WORK TO BE COMPLETED -
From the records below, print exactly the lines starting at the one containing "constraint tangent L1 A0" and ending at the one containing "radius of A1", ends included, and nothing else.
▬▬▬
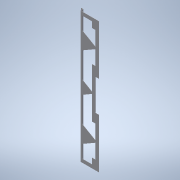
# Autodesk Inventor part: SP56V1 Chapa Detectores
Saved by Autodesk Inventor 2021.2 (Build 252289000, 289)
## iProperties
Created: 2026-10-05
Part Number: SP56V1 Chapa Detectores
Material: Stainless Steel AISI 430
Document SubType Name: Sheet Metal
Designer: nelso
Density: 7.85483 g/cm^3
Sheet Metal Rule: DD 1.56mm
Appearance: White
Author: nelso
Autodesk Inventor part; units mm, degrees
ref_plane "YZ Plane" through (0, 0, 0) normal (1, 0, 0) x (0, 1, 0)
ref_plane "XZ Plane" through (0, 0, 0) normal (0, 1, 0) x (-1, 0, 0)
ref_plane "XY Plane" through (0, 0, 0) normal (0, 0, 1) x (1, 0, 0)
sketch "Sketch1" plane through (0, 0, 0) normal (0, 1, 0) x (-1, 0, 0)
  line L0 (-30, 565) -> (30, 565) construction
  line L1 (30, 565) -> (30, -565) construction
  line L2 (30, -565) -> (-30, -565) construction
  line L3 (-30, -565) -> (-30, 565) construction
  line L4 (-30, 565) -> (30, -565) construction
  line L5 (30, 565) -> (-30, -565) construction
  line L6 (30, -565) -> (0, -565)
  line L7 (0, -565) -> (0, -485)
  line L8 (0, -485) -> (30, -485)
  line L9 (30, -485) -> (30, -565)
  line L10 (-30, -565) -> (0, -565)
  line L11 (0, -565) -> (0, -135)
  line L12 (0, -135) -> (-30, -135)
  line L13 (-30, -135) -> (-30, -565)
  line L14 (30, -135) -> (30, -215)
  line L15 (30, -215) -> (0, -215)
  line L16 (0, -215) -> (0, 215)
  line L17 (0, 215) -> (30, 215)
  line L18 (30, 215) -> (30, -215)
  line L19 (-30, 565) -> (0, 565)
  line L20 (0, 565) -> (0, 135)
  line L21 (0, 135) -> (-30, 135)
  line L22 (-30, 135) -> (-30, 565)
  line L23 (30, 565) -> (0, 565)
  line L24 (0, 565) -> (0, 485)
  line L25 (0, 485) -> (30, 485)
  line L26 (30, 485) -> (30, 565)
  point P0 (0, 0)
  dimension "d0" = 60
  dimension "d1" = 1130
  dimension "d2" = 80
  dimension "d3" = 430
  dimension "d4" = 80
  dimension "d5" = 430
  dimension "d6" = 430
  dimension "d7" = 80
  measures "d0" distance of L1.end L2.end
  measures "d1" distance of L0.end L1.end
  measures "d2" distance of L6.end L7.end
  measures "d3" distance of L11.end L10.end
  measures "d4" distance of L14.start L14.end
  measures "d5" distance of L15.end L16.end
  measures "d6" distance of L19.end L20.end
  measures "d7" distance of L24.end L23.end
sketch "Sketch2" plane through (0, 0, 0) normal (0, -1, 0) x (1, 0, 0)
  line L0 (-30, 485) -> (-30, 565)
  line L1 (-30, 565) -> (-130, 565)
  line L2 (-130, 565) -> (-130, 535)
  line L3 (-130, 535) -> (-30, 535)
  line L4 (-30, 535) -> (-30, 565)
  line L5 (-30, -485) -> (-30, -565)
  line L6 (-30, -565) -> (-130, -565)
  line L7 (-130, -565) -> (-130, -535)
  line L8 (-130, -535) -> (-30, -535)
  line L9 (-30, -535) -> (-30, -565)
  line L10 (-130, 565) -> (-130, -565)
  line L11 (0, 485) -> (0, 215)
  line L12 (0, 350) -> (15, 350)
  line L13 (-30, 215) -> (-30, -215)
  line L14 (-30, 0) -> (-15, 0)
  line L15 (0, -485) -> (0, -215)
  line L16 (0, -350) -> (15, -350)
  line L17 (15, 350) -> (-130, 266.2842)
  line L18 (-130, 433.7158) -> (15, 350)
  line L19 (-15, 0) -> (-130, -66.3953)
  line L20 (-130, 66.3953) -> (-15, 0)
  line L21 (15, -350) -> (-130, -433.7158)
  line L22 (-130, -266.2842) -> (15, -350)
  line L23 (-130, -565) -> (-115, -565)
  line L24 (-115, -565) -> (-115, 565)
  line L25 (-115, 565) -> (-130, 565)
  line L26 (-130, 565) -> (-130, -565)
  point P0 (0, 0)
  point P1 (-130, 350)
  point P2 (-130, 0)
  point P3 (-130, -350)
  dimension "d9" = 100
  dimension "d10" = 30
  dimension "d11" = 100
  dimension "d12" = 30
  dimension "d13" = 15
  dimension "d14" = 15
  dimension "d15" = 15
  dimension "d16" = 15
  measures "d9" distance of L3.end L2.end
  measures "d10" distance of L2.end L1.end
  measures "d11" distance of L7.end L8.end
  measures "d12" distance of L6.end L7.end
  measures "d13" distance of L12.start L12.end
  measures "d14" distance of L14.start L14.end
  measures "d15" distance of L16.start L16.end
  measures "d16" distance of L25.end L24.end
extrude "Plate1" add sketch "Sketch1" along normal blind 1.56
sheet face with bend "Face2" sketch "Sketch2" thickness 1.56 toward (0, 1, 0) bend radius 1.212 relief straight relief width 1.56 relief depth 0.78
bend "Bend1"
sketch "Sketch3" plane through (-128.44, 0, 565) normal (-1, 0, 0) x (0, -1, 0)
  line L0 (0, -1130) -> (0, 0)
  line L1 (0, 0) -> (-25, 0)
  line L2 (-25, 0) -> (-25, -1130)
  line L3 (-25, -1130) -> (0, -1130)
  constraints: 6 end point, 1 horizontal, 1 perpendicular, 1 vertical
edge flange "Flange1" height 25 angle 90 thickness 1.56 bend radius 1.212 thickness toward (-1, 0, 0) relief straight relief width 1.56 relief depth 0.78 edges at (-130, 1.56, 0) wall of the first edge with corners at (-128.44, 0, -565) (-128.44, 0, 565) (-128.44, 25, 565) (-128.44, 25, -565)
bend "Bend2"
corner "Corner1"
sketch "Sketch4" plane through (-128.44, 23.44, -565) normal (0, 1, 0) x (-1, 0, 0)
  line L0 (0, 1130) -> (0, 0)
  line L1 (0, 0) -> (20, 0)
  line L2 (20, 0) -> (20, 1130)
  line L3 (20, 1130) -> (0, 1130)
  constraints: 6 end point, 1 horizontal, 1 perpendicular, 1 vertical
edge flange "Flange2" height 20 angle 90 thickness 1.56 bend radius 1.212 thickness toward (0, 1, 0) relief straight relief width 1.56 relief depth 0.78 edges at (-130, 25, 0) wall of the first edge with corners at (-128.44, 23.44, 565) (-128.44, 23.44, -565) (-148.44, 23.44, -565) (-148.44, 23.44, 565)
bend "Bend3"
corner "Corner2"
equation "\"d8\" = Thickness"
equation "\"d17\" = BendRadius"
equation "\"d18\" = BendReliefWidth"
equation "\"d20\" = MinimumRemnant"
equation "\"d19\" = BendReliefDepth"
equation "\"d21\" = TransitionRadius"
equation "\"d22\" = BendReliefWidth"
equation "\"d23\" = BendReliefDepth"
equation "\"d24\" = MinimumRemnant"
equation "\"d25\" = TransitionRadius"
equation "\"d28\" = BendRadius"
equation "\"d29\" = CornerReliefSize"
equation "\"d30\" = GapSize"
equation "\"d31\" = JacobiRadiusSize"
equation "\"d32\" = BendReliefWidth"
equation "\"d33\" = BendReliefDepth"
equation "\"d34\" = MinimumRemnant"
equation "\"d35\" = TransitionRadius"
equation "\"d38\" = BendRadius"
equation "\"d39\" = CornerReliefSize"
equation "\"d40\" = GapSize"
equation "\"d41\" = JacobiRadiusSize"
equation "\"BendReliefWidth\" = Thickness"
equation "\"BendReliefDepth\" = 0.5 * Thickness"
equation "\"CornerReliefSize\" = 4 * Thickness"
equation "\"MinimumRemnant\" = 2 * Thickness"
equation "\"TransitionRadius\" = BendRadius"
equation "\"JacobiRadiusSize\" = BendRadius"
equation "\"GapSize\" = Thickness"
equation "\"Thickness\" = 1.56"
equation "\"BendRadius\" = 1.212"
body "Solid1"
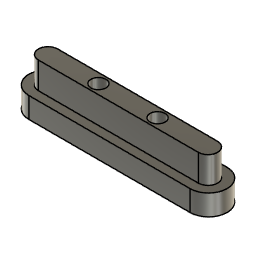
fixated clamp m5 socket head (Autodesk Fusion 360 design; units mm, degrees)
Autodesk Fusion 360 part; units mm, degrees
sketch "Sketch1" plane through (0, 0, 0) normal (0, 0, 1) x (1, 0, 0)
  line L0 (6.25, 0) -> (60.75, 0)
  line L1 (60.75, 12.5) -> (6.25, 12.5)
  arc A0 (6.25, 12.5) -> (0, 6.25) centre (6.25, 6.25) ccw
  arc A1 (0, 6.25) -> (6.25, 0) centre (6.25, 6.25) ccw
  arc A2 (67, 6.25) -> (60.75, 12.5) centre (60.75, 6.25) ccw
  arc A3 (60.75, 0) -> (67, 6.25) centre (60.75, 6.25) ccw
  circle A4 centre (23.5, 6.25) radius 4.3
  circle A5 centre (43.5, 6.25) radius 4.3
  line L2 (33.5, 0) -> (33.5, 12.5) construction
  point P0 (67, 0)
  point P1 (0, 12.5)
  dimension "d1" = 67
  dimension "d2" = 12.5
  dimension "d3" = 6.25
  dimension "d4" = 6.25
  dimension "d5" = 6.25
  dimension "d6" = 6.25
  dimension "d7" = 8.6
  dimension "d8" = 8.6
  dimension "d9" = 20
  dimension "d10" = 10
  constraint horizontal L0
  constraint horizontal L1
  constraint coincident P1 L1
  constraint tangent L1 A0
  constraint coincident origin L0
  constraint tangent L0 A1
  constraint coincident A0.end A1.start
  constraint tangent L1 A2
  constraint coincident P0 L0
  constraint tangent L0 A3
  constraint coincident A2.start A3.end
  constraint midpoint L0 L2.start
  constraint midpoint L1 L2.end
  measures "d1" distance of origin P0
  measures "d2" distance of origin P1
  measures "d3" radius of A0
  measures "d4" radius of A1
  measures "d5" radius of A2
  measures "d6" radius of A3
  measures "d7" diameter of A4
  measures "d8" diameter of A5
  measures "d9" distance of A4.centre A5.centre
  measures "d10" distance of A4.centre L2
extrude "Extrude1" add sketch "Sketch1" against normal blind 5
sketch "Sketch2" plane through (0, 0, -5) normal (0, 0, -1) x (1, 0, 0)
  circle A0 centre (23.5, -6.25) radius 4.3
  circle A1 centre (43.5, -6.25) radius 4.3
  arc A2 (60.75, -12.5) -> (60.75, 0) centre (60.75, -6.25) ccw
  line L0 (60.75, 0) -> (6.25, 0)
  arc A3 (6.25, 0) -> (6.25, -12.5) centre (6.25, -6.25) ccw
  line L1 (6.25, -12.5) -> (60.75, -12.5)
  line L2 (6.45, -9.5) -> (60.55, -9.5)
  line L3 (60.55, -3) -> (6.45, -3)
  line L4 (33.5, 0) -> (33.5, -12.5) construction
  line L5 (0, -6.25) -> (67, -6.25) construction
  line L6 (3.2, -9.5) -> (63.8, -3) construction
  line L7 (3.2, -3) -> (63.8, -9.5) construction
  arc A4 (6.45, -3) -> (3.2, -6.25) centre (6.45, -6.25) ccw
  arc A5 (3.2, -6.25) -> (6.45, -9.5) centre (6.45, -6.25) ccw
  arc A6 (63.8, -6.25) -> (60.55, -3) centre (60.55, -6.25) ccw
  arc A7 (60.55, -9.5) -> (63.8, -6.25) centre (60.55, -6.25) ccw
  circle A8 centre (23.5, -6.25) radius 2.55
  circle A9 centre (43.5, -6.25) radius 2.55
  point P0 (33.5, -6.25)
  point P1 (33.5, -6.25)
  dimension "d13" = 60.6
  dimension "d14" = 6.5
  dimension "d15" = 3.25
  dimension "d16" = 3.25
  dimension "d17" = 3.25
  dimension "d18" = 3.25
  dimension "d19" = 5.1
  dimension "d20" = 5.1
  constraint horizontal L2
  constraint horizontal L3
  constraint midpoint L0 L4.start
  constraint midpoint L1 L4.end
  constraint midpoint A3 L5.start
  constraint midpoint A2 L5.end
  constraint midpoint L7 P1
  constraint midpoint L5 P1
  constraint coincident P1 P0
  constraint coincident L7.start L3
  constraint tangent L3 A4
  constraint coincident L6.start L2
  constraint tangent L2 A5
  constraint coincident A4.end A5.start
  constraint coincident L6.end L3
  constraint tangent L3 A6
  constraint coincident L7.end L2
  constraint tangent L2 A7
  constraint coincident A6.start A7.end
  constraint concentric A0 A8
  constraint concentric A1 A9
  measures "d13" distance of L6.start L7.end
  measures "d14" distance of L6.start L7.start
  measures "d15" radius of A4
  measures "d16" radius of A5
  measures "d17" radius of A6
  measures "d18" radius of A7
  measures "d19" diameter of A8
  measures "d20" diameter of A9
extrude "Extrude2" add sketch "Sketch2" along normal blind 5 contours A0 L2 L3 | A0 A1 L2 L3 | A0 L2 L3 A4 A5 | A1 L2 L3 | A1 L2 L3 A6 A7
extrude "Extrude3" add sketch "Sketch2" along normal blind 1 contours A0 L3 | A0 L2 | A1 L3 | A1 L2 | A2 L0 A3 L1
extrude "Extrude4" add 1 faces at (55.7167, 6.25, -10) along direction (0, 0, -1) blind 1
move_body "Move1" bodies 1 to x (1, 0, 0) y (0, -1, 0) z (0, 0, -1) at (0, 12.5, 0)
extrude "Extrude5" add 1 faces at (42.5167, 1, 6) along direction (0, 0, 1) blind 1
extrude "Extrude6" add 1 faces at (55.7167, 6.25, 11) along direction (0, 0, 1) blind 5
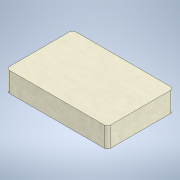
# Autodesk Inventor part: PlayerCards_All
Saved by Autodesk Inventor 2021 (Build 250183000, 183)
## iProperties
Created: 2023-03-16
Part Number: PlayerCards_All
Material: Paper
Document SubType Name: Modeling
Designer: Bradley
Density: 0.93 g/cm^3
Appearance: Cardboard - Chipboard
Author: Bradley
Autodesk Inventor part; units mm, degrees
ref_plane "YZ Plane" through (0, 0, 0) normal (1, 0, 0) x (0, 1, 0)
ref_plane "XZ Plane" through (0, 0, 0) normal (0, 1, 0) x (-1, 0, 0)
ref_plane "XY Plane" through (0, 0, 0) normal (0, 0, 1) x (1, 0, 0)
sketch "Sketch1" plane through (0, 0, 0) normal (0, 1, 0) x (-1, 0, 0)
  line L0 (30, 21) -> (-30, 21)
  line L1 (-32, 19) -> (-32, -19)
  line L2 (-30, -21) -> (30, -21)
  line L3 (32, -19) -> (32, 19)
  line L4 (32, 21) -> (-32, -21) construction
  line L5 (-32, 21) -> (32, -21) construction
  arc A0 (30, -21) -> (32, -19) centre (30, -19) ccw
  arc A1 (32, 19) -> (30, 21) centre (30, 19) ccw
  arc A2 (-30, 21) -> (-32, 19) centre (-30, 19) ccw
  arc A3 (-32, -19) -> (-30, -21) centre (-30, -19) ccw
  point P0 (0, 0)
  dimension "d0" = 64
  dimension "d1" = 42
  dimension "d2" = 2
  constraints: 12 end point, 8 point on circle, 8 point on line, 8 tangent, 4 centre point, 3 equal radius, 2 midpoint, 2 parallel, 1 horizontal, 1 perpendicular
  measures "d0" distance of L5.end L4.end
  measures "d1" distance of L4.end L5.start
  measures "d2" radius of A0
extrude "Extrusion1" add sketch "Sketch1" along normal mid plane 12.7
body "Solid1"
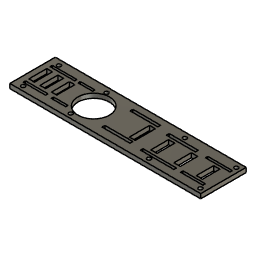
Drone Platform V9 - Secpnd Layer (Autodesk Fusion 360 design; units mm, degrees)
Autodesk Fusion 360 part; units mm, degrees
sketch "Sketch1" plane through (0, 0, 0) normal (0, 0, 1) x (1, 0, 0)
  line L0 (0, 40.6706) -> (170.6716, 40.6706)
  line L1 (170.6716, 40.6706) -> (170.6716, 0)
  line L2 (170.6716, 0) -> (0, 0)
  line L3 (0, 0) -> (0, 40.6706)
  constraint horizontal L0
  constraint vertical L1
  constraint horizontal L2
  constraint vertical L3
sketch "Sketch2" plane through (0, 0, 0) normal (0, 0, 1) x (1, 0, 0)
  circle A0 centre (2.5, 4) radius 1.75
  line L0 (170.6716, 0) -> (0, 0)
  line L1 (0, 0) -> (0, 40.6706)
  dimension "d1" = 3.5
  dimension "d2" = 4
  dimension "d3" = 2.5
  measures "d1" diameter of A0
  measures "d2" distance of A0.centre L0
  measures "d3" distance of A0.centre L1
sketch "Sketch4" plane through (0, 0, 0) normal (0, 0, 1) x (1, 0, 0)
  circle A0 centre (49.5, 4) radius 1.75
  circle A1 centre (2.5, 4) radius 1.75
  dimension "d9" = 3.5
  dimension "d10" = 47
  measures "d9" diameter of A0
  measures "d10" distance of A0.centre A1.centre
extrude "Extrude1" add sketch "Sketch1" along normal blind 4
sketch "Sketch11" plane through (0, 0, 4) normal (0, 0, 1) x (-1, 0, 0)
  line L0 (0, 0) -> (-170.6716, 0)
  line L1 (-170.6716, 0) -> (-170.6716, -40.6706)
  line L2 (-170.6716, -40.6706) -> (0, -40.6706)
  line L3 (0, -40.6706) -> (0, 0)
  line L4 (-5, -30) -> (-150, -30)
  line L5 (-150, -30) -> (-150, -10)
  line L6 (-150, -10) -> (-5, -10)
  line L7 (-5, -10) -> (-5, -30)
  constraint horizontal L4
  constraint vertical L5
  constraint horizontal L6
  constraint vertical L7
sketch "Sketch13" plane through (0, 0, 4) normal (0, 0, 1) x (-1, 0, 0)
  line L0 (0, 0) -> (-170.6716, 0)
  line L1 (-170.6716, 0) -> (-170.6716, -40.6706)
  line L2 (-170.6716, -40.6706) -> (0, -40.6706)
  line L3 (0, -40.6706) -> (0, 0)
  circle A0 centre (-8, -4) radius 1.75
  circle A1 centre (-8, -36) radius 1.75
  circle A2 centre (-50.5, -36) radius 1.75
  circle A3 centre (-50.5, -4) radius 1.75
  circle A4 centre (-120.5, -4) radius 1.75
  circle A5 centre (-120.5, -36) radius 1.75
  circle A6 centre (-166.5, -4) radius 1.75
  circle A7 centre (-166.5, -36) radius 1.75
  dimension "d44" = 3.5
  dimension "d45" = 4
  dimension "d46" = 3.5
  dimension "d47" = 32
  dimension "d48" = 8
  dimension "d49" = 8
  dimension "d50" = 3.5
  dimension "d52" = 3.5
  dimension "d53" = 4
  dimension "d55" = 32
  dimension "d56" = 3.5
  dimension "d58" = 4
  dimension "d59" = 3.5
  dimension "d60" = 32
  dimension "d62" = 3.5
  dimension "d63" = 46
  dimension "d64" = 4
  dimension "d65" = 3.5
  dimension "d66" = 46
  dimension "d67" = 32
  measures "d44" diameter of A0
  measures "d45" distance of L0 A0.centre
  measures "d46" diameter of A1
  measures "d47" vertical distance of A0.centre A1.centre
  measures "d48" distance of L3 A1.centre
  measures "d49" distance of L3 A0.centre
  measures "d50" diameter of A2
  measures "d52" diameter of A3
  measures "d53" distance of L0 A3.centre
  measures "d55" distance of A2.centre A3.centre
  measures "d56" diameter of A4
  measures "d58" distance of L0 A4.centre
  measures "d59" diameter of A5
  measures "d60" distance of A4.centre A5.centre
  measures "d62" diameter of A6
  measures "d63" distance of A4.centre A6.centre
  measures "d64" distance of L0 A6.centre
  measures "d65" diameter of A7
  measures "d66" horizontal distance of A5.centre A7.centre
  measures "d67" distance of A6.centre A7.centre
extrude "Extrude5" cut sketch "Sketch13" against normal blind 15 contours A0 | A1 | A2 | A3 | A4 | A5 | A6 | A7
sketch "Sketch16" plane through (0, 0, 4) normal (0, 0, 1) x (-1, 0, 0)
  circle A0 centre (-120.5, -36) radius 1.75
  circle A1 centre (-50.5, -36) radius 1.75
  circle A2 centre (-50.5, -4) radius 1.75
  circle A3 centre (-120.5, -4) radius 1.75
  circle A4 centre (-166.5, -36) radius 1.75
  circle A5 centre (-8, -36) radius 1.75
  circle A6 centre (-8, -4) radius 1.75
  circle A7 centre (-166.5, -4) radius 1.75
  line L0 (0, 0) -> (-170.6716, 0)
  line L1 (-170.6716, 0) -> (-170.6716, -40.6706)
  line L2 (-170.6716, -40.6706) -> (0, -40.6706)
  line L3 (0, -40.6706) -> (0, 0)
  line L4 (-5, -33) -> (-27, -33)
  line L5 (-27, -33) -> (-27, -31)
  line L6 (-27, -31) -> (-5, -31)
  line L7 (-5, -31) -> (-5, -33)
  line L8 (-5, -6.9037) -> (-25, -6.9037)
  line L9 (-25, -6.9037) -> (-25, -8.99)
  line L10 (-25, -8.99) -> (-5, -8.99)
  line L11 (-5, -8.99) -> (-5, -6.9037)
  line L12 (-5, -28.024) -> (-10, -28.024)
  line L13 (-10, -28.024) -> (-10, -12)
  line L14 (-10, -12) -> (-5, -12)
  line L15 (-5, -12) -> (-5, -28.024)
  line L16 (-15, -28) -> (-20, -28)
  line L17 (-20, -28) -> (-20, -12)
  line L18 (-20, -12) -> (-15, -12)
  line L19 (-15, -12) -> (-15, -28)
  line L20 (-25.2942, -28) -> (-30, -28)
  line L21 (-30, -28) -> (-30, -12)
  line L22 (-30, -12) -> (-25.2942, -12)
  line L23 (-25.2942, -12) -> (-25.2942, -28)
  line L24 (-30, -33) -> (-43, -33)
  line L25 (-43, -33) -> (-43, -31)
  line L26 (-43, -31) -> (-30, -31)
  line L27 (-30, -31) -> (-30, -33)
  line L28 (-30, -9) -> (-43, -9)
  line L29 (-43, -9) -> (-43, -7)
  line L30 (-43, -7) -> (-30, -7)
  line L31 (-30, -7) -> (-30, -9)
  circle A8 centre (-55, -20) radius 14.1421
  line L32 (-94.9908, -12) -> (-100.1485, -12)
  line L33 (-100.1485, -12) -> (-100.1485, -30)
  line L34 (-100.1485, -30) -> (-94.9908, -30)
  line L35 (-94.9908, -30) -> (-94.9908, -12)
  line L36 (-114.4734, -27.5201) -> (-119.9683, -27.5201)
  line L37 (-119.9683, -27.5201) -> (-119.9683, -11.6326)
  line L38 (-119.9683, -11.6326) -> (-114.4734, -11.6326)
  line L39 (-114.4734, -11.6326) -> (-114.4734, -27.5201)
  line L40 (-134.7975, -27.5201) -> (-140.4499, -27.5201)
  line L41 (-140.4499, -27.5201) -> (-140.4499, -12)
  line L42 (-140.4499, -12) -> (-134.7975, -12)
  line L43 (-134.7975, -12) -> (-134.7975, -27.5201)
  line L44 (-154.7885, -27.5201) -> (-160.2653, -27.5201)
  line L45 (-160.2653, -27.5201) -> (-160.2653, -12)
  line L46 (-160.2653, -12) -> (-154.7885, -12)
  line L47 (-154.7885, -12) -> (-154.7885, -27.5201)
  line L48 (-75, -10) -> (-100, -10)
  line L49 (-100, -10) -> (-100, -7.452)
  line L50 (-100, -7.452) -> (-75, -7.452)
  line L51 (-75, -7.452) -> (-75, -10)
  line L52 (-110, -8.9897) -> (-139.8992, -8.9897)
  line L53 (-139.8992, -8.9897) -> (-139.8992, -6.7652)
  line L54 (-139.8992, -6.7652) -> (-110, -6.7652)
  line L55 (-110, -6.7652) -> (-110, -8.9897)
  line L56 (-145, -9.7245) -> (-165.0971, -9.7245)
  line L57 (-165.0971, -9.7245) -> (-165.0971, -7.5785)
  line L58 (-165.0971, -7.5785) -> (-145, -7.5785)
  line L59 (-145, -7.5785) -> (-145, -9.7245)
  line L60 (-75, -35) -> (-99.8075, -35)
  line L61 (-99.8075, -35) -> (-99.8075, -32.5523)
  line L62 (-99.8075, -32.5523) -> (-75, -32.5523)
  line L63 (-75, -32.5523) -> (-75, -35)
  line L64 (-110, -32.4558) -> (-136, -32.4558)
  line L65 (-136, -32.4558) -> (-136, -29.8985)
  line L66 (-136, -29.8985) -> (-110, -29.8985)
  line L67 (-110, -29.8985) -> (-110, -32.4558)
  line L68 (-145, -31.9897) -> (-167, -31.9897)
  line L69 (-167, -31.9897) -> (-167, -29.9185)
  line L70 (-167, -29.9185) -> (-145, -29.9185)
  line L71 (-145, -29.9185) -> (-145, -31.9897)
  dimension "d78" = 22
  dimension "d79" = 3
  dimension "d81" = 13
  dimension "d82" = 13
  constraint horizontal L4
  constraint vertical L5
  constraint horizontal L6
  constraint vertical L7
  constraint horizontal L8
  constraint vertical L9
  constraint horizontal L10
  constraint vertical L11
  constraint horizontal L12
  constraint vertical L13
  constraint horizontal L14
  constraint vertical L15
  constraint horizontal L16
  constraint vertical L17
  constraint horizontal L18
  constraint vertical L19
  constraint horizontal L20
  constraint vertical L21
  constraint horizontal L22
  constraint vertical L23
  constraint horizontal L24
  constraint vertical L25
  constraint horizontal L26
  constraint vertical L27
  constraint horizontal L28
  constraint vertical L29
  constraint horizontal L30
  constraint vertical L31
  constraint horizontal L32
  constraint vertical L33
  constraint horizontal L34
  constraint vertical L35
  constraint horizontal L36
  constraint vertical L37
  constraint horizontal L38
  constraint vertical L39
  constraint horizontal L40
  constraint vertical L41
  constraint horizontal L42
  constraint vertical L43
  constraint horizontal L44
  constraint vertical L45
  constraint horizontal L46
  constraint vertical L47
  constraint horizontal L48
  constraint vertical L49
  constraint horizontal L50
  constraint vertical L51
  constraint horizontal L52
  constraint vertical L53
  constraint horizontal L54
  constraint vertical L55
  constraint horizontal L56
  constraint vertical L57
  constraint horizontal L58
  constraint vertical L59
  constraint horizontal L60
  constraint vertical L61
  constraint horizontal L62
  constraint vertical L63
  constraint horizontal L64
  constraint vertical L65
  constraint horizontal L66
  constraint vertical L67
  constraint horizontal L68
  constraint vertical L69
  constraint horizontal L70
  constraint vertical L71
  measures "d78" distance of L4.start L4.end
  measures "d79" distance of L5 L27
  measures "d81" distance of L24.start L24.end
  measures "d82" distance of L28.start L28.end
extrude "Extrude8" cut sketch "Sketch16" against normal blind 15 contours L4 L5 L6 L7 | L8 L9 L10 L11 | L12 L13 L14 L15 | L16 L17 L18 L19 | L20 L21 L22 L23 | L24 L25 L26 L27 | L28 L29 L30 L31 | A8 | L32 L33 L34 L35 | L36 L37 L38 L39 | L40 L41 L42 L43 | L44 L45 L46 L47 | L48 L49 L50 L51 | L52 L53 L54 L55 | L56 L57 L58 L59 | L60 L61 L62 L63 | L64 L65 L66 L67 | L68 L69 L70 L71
▬▬▬
ANSWER BOX -
  constraint tangent L1 A0
  constraint coincident origin L0
  constraint tangent L0 A1
  constraint coincident A0.end A1.start
  constraint tangent L1 A2
  constraint coincident P0 L0
  constraint tangent L0 A3
  constraint coincident A2.start A3.end
  constraint midpoint L0 L2.start
  constraint midpoint L1 L2.end
  measures "d1" distance of origin P0
  measures "d2" distance of origin P1
  measures "d3" radius of A0
  measures "d4" radius of A1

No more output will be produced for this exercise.